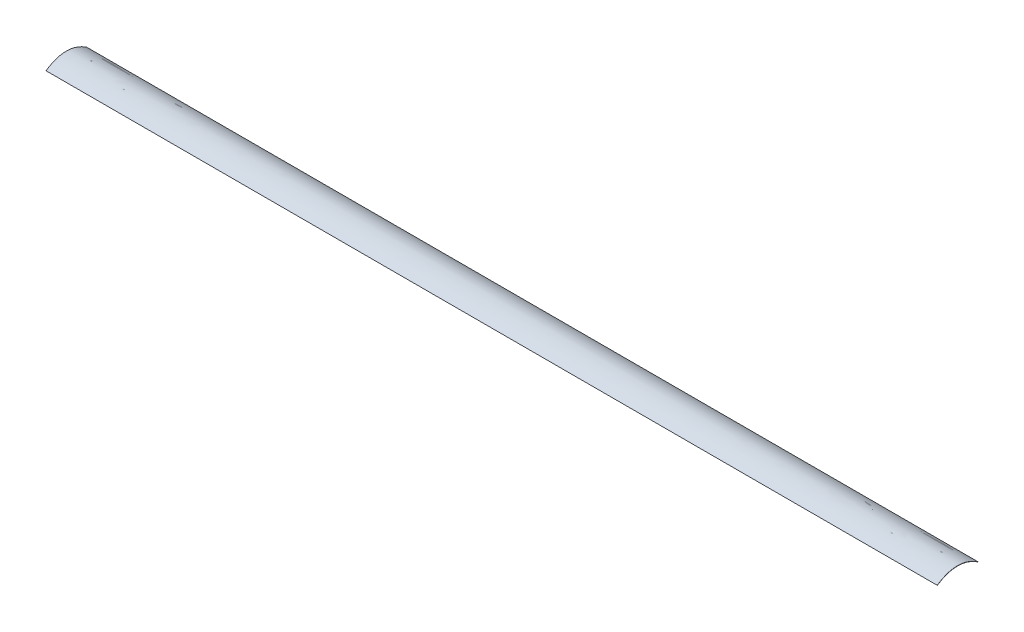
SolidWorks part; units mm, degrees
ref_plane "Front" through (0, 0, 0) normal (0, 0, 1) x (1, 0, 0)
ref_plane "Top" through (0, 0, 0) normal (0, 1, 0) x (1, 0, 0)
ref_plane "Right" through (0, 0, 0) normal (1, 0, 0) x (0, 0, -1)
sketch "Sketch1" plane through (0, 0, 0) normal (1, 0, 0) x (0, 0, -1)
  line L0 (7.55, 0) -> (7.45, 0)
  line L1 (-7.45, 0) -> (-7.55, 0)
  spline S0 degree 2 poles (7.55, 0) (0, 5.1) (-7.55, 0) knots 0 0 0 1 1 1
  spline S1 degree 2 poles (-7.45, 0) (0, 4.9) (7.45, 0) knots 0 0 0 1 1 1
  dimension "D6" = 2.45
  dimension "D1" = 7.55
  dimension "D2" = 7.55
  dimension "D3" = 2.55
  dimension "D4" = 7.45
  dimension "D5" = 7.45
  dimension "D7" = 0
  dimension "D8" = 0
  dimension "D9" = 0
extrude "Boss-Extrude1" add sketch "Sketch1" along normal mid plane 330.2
+ + +
◆ **What you are asked to do**
Retype all entries exactly; omit pictures.

◆ **Answer for this exercise**
SolidWorks part; units mm, degrees
ref_plane "Front" through (0, 0, 0) normal (0, 0, 1) x (1, 0, 0)
ref_plane "Top" through (0, 0, 0) normal (0, 1, 0) x (1, 0, 0)
ref_plane "Right" through (0, 0, 0) normal (1, 0, 0) x (0, 0, -1)
sketch "Sketch1" plane through (0, 0, 0) normal (1, 0, 0) x (0, 0, -1)
  line L0 (7.55, 0) -> (7.45, 0)
  line L1 (-7.45, 0) -> (-7.55, 0)
  spline S0 degree 2 poles (7.55, 0) (0, 5.1) (-7.55, 0) knots 0 0 0 1 1 1
  spline S1 degree 2 poles (-7.45, 0) (0, 4.9) (7.45, 0) knots 0 0 0 1 1 1
  dimension "D6" = 2.45
  dimension "D1" = 7.55
  dimension "D2" = 7.55
  dimension "D3" = 2.55
  dimension "D4" = 7.45
  dimension "D5" = 7.45
  dimension "D7" = 0
  dimension "D8" = 0
  dimension "D9" = 0
extrude "Boss-Extrude1" add sketch "Sketch1" along normal mid plane 330.2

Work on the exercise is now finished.